I have a mysql database with a table, obs, with about 200 million rows. There is a column, concept_id, which is a code of what the observation was about. For example, the concept_id for weight is 6012. I need to make a report on several indicators using multiple concepts. In total, there's about 20 concepts of interest.
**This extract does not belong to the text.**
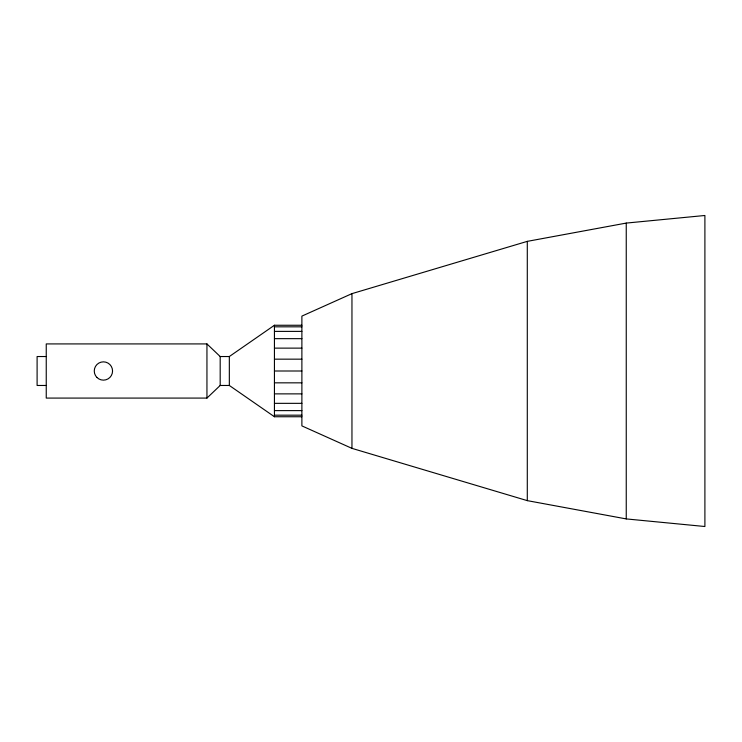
<?xml version="1.0" encoding="UTF-8"?>
<svg xmlns="http://www.w3.org/2000/svg" width="742" height="742" viewBox="0 0 742 742"><rect width="100%" height="100%" fill="white"/><g stroke="black" fill="none" stroke-linecap="round" stroke-linejoin="round"><path stroke-width="1.11" d="M301.883 325.256L274.438 325.256L229.334 356.531L220.189 356.531L206.944 343.917L46.245 343.917L46.245 398.083L206.944 398.083L220.189 385.469L229.334 385.469L274.438 416.744L301.883 416.744M351.958 293.637L301.883 316.111L301.883 425.889L351.958 448.363L527.293 500.637L626.248 518.918L704.9 526.514L704.9 215.486L626.248 223.082L527.293 241.363L351.958 293.637L351.958 448.363M274.438 326.823L301.883 326.823M274.438 331.386L301.883 331.386M274.438 338.658L301.883 338.658M274.438 348.128L301.883 348.128M46.245 356.531L37.1 356.531L37.1 385.469L46.245 385.469M274.438 359.165L301.883 359.165M274.438 371L301.883 371M274.438 382.835L301.883 382.835M274.438 393.872L301.883 393.872M274.438 403.342L301.883 403.342M274.438 410.614L301.883 410.614M274.438 415.177L301.883 415.177M626.248 223.082L626.248 518.918M527.293 241.363L527.293 500.637M274.438 325.256L274.438 416.744M229.334 356.531L229.334 385.469M220.189 356.531L220.189 385.469M206.944 343.917L206.944 398.083M96.942 377.465A9.145 9.145 0 0 0 112.246 373.365A9.145 9.145 0 0 0 101.042 362.161A9.145 9.145 0 0 0 96.942 377.465"/></g></svg>

When I query the table, I do something like this:
select * from obs where concept_id in (1285,1596,2051,1061,8307,8282,5356,1224,1251,1252,5089,5090,1570,1109,1261,6174,1110,1265,1111,1268,1270,5272,1836,1279,1855,5596,1146,1088,1255,1250,1252,1499,2158)
I load this resultset into a denormalized temporary table making each concept a column and then do some analytics.
The problem is it takes a very long time to do the initial select statement - tens of minutes. Given the size of this table (not so big), from my reading, it seems this should be done much faster (seconds) if the table is properly optimized.
The obs table is indexed by concept id. Here is the result of an explain:
id select_type table type possible_keys key key_len ref rows Extra
1 SIMPLE obs range obs_concept,obs_complex_cvCpvoD_idx,obs_complex_cpvvD_idx obs_complex_cvCpvoD_idx 4 NULL 19584 Using where; Using index
In my my.cnf settings, I have the following:
key_buffer = 2GB
max_allowed_packet = 512M
thread_stack = 512K
thread_cache_size = 16
query_cache_limit = 1M
query_cache_size = 16M
default-storage-engine = innoDB
innodb_file_per_table = 1
innodb_file_format = barracuda
innodb_strict_mode = 1
innodb_file_per_table
innodb_log_buffer_size = 32MB
innodb_buffer_pool_size = 16GB
innodb_additional_mem_pool_size = 10M
Any suggestions for optimizing this setup/query would be very much appreciated.
UPDATE: The total number of rows returned is around 30 million. It takes roughly 20 minutes to run with the in. If I do each query individually, it takes about 10 minutes.